I have a lot of images in a folder that are used in the application. When using the cache manifest it would be easier maintenance wise if I could specify a wild card to load all the images or files in a certain directory to be cached.
E.g.
CACHE MANIFEST
# 2011-11-3-v0.1.8
#--------------------------------
# Pages
#--------------------------------
../index.html
../edit.html
#--------------------------------
# JavaScript
#--------------------------------
../js/jquery.js
../js/main.js
#--------------------------------
# Images
#--------------------------------
../img/*.png
Can this be done? Have tried it in a few browsers with ../img/* as well but it doesn't seem to work.
It would be easier, but how's it going to work? The manifest file is something which is parsed and acted upon in the browser, which has no special knowledge of files on your server other than what you've told it. If the browser sees this:
../img/*.png
What is the first image the browser should request from the server? Let's start with these:
../img/1.png
../img/2.png
../img/3.png
../img/4.png
...
../img/2147483647.png
That's all the images that might exist with a numeric name, stopping semi-arbitrarily at 231-1. How many of those 2 billion files exist in your img directory? Do you really want a browser making all those requests only to get 2 billion 404s? For completeness the browser would probably also want to request all the zero-filled equivalents:
../img/01.png
../img/02.png
../img/03.png
../img/04.png
...
../img/001.png
../img/002.png
../img/003.png
../img/004.png
...
../img/0001.png
../img/0002.png
../img/0003.png
../img/0004.png
...
Now the browser's made more than 4 billion HTTP requests for files which mostly aren't there, and it's not yet even got on to letters or punctuation in constructing the possible filenames which might exist on the server. This is not a feasible way for the manifest file to work. The server is where the files in the img directory are known, so it's on the server that the list of files has to be constructed.
I don't think it works that way. You'll have to specify all of the images one by one, or have a simple PHP script to loop through the directory and output the file (with the correct text/cache-manifest header of course).
It would be a big security issue if browsers could request folder listings - that's why Tomcat turns that capability off by default now.
But, the browser could locate all matches to the wildcards referenced by the pages it caches. This approach would still be problematic (like, what about images not initially used but set dynamically by JavaScript, etc., and it would require that all cached items not only be downloaded but parsed as well).

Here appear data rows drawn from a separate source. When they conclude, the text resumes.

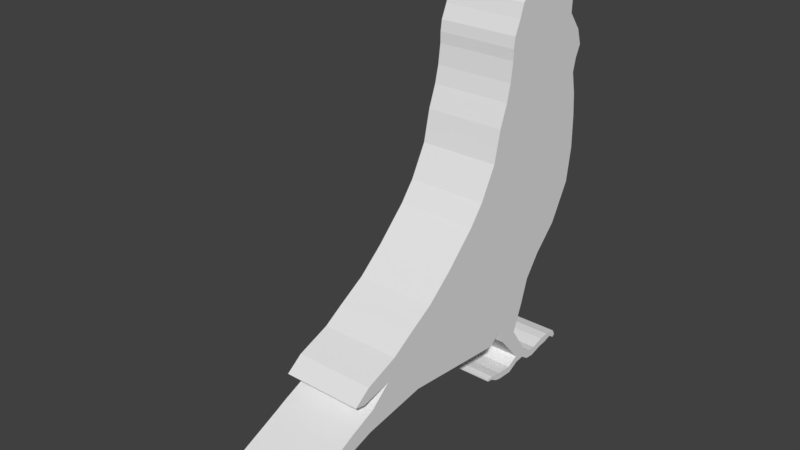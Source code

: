 # Source: budgie_01.blend  (saved by Blender 2.79.0; exported with 4.5.12 LTS)
import bpy
from mathutils import Matrix  # noqa: F401  (used for matrix-valued properties, if any)

bpy.ops.wm.read_factory_settings(use_empty=True)
scene = bpy.context.scene
scene.name = 'Scene'

# ---- collections
col_collection_1 = bpy.data.collections.new('Collection 1'); scene.collection.children.link(col_collection_1)

# ---- world
world_world = bpy.data.worlds.new('World'); scene.world = world_world
world_world.color = (0.05088, 0.05088, 0.05088)
world_world.use_sun_shadow = False
world_world.sun_shadow_jitter_overblur = 0.0
world_world.cycles.sampling_method = 'MANUAL'

# ---- meshes
me_plane = bpy.data.meshes.new('Plane')
me_plane.from_pydata([(-1.09, -1.101, 6.761e-09), (-0.4105, -1.257, 1.065e-07), (-1.078, 1.526, 5.916e-09), (-0.5784, 1.571, 1.192e-07), (0.2724, -1.627, 5.493e-08), (0.1492, 1.582, 6.423e-08), (0.6866, -1.951, 2.366e-08), (0.9104, 1.47, 6.761e-09), (1.358, -2.634, -2.704e-08), (1.728, 1.022, -5.493e-08), (1.84, -3.205, -6.338e-08), (2.254, 0.4963, -9.465e-08), (2.198, -3.799, -9.043e-08), (2.735, 0.1492, -1.31e-07), (2.489, -4.257, -1.124e-07), (3.261, -0.01866, -1.707e-07), (2.769, -4.985, -1.335e-07), (3.563, -0.7575, -1.935e-07), (-1.571, -0.9216, 4.31e-08), (-1.56, 1.425, 4.226e-08), (-1.94, -0.8321, 7.099e-08), (-1.851, 1.493, 6.423e-08), (-2.366, -0.7761, 1.031e-07), (-2.108, 1.616, 8.367e-08), (-2.601, -0.7761, 1.209e-07), (-2.455, 1.504, 1.099e-07), (-2.836, -0.7425, 1.386e-07), (-2.847, 1.201, 1.394e-07), (-3.138, -0.6082, 1.614e-07), (-3.216, 1.213, 1.673e-07), (-3.429, -0.5075, 1.834e-07), (-3.362, 1.414, 1.783e-07), (-3.664, -0.2836, 2.011e-07), (-3.608, 1.336, 1.969e-07), (-3.821, 0.02986, 2.13e-07), (-3.81, 1.112, 2.121e-07), (-3.944, 0.3769, 2.223e-07), (-3.922, 0.7761, 2.206e-07), (2.948, -4.438, -1.471e-07), (3.037, -5.343, -1.538e-07), (3.093, -5.121, -1.58e-07), (3.832, -1.116, -2.138e-07), (3.328, -4.886, -1.758e-07), (3.58, -3.538, -1.948e-07), (3.586, -5.468, -1.952e-07), (3.793, -4.96, -2.109e-07), (3.698, -5.692, -2.037e-07), (4.039, -5.732, -2.295e-07), (4.515, -7.461, -2.654e-07), (4.856, -7.725, -2.911e-07), (3.888, -0.2537, -2.18e-07), (3.944, -0.6679, -2.223e-07), (4.549, 0.194, -2.679e-07), (4.593, -0.1082, -2.713e-07), (4.728, 0.1381, -2.814e-07), (4.75, -0.07463, -2.831e-07), (4.728, -0.3769, -2.814e-07), (4.884, -0.3433, -2.933e-07), (4.705, -0.7351, -2.797e-07), (4.862, -0.7015, -2.916e-07), (4.672, -0.8806, -2.772e-07), (4.828, -0.847, -2.89e-07), (4.649, -1.004, -2.755e-07), (4.728, -1.015, -2.814e-07), (4.683, 0.3843, -2.78e-07), (4.862, 0.3284, -2.916e-07), (4.705, 0.597, -2.797e-07), (4.884, 0.541, -2.933e-07), (4.627, 0.8881, -2.738e-07), (4.806, 0.8321, -2.873e-07), (4.605, 1.112, -2.721e-07), (4.784, 1.056, -2.857e-07), (4.649, 1.381, -2.755e-07), (4.728, 1.246, -2.814e-07), (4.772, 1.448, -2.848e-07), (4.828, 1.392, -2.89e-07), (4.66, -1.149, -2.764e-07), (4.705, -1.149, -2.797e-07), (-1.078, 1.526, 0.8669), (-1.09, -1.101, 0.8669), (-0.4105, -1.257, 0.8669), (-0.5784, 1.571, 0.8669), (0.2724, -1.627, 0.8669), (0.1492, 1.582, 0.8669), (0.6866, -1.951, 0.8669), (0.9104, 1.47, 0.8669), (1.358, -2.634, 0.8669), (1.728, 1.022, 0.8669), (1.84, -3.205, 0.8669), (2.254, 0.4963, 0.8669), (2.198, -3.799, 0.8669), (2.735, 0.1492, 0.8669), (2.489, -4.257, 0.8669), (3.261, -0.01866, 0.8669), (2.948, -4.438, 0.8669), (3.563, -0.7575, 0.8669), (2.769, -4.985, 0.8669), (-1.56, 1.425, 0.8669), (-1.571, -0.9216, 0.8669), (-1.851, 1.493, 0.8669), (-1.94, -0.8321, 0.8669), (-2.108, 1.616, 0.8669), (-2.366, -0.7761, 0.8669), (-2.455, 1.504, 0.8669), (-2.601, -0.7761, 0.8669), (-2.847, 1.201, 0.8669), (-2.836, -0.7425, 0.8669), (-3.216, 1.213, 0.8669), (-3.138, -0.6082, 0.8669), (-3.362, 1.414, 0.8669), (-3.429, -0.5075, 0.8669), (-3.608, 1.336, 0.8669), (-3.664, -0.2836, 0.8669), (-3.81, 1.112, 0.8669), (-3.821, 0.02986, 0.8669), (3.037, -5.343, 0.8669), (3.093, -5.121, 0.8669), (3.58, -3.538, 0.8669), (3.832, -1.116, 0.8669), (3.328, -4.886, 0.8669), (3.586, -5.468, 0.8669), (3.793, -4.96, 0.8669), (3.698, -5.692, 0.8669), (4.039, -5.732, 0.8669), (4.515, -7.461, 0.8669), (4.856, -7.725, 0.8669), (3.944, -0.6679, 0.8669), (3.888, -0.2537, 0.8669), (4.593, -0.1082, 0.8669), (4.549, 0.194, 0.8669), (4.75, -0.07463, 0.8669), (4.728, 0.1381, 0.8669), (4.728, -0.3769, 0.8669), (4.884, -0.3433, 0.8669), (4.705, -0.7351, 0.8669), (4.862, -0.7015, 0.8669), (4.672, -0.8806, 0.8669), (4.828, -0.847, 0.8669), (4.649, -1.004, 0.8669), (4.728, -1.015, 0.8669), (4.862, 0.3284, 0.8669), (4.683, 0.3843, 0.8669), (4.884, 0.541, 0.8669), (4.705, 0.597, 0.8669), (4.806, 0.8321, 0.8669), (4.627, 0.8881, 0.8669), (4.784, 1.056, 0.8669), (4.605, 1.112, 0.8669), (4.728, 1.246, 0.8669), (4.649, 1.381, 0.8669), (4.828, 1.392, 0.8669), (4.772, 1.448, 0.8669), (4.66, -1.149, 0.8669), (4.705, -1.149, 0.8669)], [], [(39, 40, 116, 115), (53, 56, 132, 128), (75, 74, 151, 150), (3, 2, 78, 81), (19, 21, 99, 97), (72, 70, 147, 149), (71, 73, 148, 146), (0, 1, 80, 79), (18, 0, 79, 98), (2, 19, 97, 78), (55, 54, 131, 130), (70, 68, 145, 147), (34, 32, 112, 114), (52, 50, 127, 129), (69, 71, 146, 144), (33, 35, 113, 111), (51, 53, 128, 126), (34, 35, 37, 36), (14, 16, 96, 92), (35, 34, 114, 113), (68, 66, 143, 145), (32, 30, 110, 112), (50, 15, 93, 127), (67, 69, 144, 142), (15, 13, 91, 93), (31, 33, 111, 109), (17, 51, 126, 95), (12, 14, 92, 90), (66, 64, 141, 143), (30, 28, 108, 110), (49, 47, 123, 125), (65, 67, 142, 140), (13, 11, 89, 91), (29, 31, 109, 107), (46, 48, 124, 122), (10, 12, 90, 88), (48, 49, 125, 124), (79, 80, 81, 78), (81, 80, 82, 83), (83, 82, 84, 85), (85, 84, 86, 87), (87, 86, 88, 89), (89, 88, 90, 91), (91, 90, 92, 93), (93, 92, 96, 94, 95), (79, 78, 97, 98), (98, 97, 99, 100), (100, 99, 101, 102), (102, 101, 103, 104), (104, 103, 105, 106), (106, 105, 107, 108), (108, 107, 109, 110), (110, 109, 111, 112), (112, 111, 113, 114), (94, 96, 115, 116), (95, 94, 119, 117, 118), (117, 119, 120, 121), (121, 120, 122, 123), (123, 122, 124, 125), (93, 95, 126, 127), (127, 126, 128, 129), (129, 128, 130, 131), (130, 128, 132, 133), (133, 132, 134, 135), (135, 134, 136, 137), (137, 136, 138, 139), (129, 131, 140, 141), (141, 140, 142, 143), (143, 142, 144, 145), (145, 144, 146, 147), (147, 146, 148, 149), (149, 148, 150, 151), (139, 138, 152, 153), (20, 18, 98, 100), (73, 75, 150, 148), (57, 55, 130, 133), (16, 39, 115, 96), (1, 4, 82, 80), (74, 72, 149, 151), (40, 38, 94, 116), (21, 23, 101, 99), (5, 3, 81, 83), (76, 77, 153, 152), (56, 58, 134, 132), (43, 41, 118, 117), (22, 20, 100, 102), (62, 76, 152, 138), (59, 57, 133, 135), (38, 42, 119, 94), (4, 6, 84, 82), (77, 63, 139, 153), (41, 17, 95, 118), (23, 25, 103, 101), (7, 5, 83, 85), (58, 60, 136, 134), (24, 22, 102, 104), (61, 59, 135, 137), (6, 8, 86, 84), (42, 44, 120, 119), (25, 27, 105, 103), (9, 7, 85, 87), (60, 62, 138, 136), (45, 43, 117, 121), (26, 24, 104, 106), (63, 61, 137, 139), (8, 10, 88, 86), (44, 46, 122, 120), (27, 29, 107, 105), (11, 9, 87, 89), (54, 65, 140, 131), (47, 45, 121, 123), (28, 26, 106, 108), (64, 52, 129, 141)])
me_plane.use_remesh_preserve_volume = False
me_plane.use_remesh_preserve_attributes = False
me_plane.use_mirror_vertex_groups = False
me_plane.update()

# ---- objects
ob_plane = bpy.data.objects.new('Plane', me_plane)

# ---- transforms, parenting, visibility, modifiers, constraints
ob_plane.location = (0.0, -1.434, 0.152)
ob_plane.rotation_euler = (-0.0, 1.571, 0.0)
ob_plane.scale = (0.625, 0.625, 0.625)
ob_plane.lineart.crease_threshold = 0.0
_m = ob_plane.modifiers.new('Mirror', 'MIRROR')
_m.use_axis = (False, False, True)

# ---- collection membership
col_collection_1.objects.link(ob_plane)

# ---- scene / render settings (as saved in the file)
scene.frame_start = 1; scene.frame_end = 250; scene.frame_set(1)
scene.render.engine = 'BLENDER_EEVEE_NEXT'
scene.render.resolution_percentage = 50
scene.render.dither_intensity = 0.0
scene.cycles.use_denoising = False
scene.cycles.samples = 128
scene.cycles.sampling_pattern = 'TABULATED_SOBOL'
scene.cycles.use_adaptive_sampling = False
scene.cycles.use_light_tree = False
scene.cycles.blur_glossy = 0.0
scene.cycles.sample_clamp_indirect = 0.0
scene.view_settings.view_transform = 'Standard'
bpy.context.view_layer.update()

# ---- added for rendering (the .blend has no active camera and no usable light): camera, sun
cam_auto = bpy.data.cameras.new('AutoCamera')
cam_auto.lens = 50.0
cam_auto.sensor_width = 36.0
cam_auto.clip_end = 1000.0
ob_auto_camera = bpy.data.objects.new('AutoCamera', cam_auto)
scene.collection.objects.link(ob_auto_camera)
ob_auto_camera.location = (7.49927, -12.3427, 5.85758)
ob_auto_camera.rotation_euler = (1.09748, -7.21219e-08, 0.694738)
scene.camera = ob_auto_camera
light_auto_sun = bpy.data.lights.new('AutoSun', 'SUN')
light_auto_sun.energy = 3.0
light_auto_sun.angle = 0.0523599
ob_auto_sun = bpy.data.objects.new('AutoSun', light_auto_sun)
scene.collection.objects.link(ob_auto_sun)
ob_auto_sun.rotation_euler = (0.872665, 0.174533, 0.523599)
bpy.context.view_layer.update()
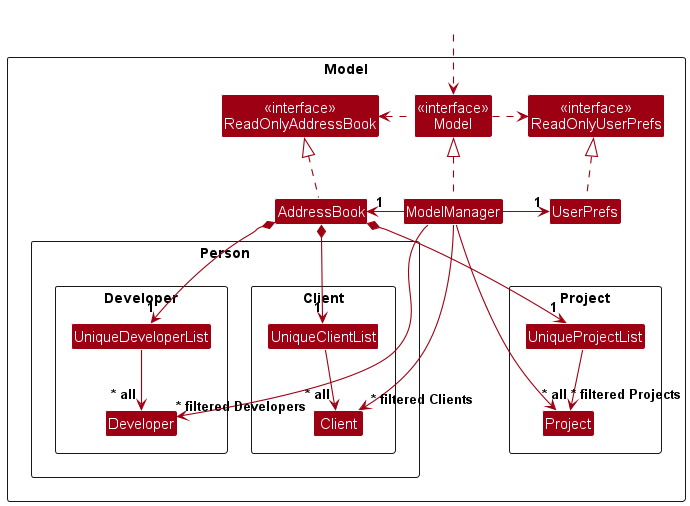

The diagram above was rendered by PlantUML. Its source (embedded in the PNG):
@startuml
!include style.puml
skinparam arrowThickness 1.1
skinparam arrowColor MODEL_COLOR
skinparam classBackgroundColor MODEL_COLOR

Package Model as ModelPackage <<Rectangle>>{
Class "<<interface>>\nReadOnlyAddressBook" as ReadOnlyAddressBook
Class "<<interface>>\nReadOnlyUserPrefs" as ReadOnlyUserPrefs
Class "<<interface>>\nModel" as Model
Class AddressBook
Class ModelManager
Class UserPrefs
Package Person as PersonPackage <<Rectangle>>{
Package Developer as DeveloperPackage <<Rectangle>>{
Class UniqueDeveloperList
Class Developer
}
Package Client as ClientPackage <<Rectangle>>{
Class UniqueClientList
Class Client
}
}
Package Project as ProjectPackage <<Rectangle>>{
Class UniqueProjectList
Class Project
}
'Class Address
''Class Email
'Class Name
'Class Phone
'Class Tag

Class I #FFFFFF
}



Class HiddenOutside #FFFFFF
HiddenOutside ..> Model

AddressBook .up.|> ReadOnlyAddressBook

ModelManager .up.|> Model
Model .right.> ReadOnlyUserPrefs
Model .left.> ReadOnlyAddressBook
ModelManager -left-> "1" AddressBook
ModelManager -right-> "1" UserPrefs
UserPrefs .up.|> ReadOnlyUserPrefs

AddressBook *--> "1" UniqueDeveloperList
UniqueDeveloperList --> "~* all" Developer
AddressBook *--> "1" UniqueClientList
UniqueClientList --> "~* all" Client
AddressBook *--> "1" UniqueProjectList
UniqueProjectList --> "~* all" Project
'Person *--> Name
'Person *--> Phone
'Person *--> Email
'Person *--> Address
'Person *--> "*" Tag

Developer -[hidden]up--> I
UniqueDeveloperList -[hidden]right-> I
UniqueProjectList -[hidden]up-> UserPrefs

'Name -[hidden]right-> Phone
'Phone -[hidden]right-> Address
'Address -[hidden]right-> Email

ModelManager --> "~* filtered Developers" Developer
ModelManager --> "~* filtered Clients" Client
ModelManager --> "~* filtered Projects" Project
@enduml

If you are trying automate this process, instead of manually doing it. Use a script, or as I do I use manifestR. It will output your manifest/appcache file and all you have to do is copy and paste. I've used it successfully and usually only have to make a few changes.
Also, I recommend using the network header with the wild card:
NETWORK:
*
This allows all assets from other linked domains via JSON, for instance, to download into the cache. I believe that this is the only header where you can specify a wildcard. Like the others have said here, it's for security reasons.
The cache manifest is now deprecated and you should use HTML headers to control caching.
For example:
<meta http-equiv="Cache-control" content="public">
Public - may be cached in public shared caches.
Private - may only be cached in private cache.
No-Cache - may not be cached.
No-Store - may be cached but not archived.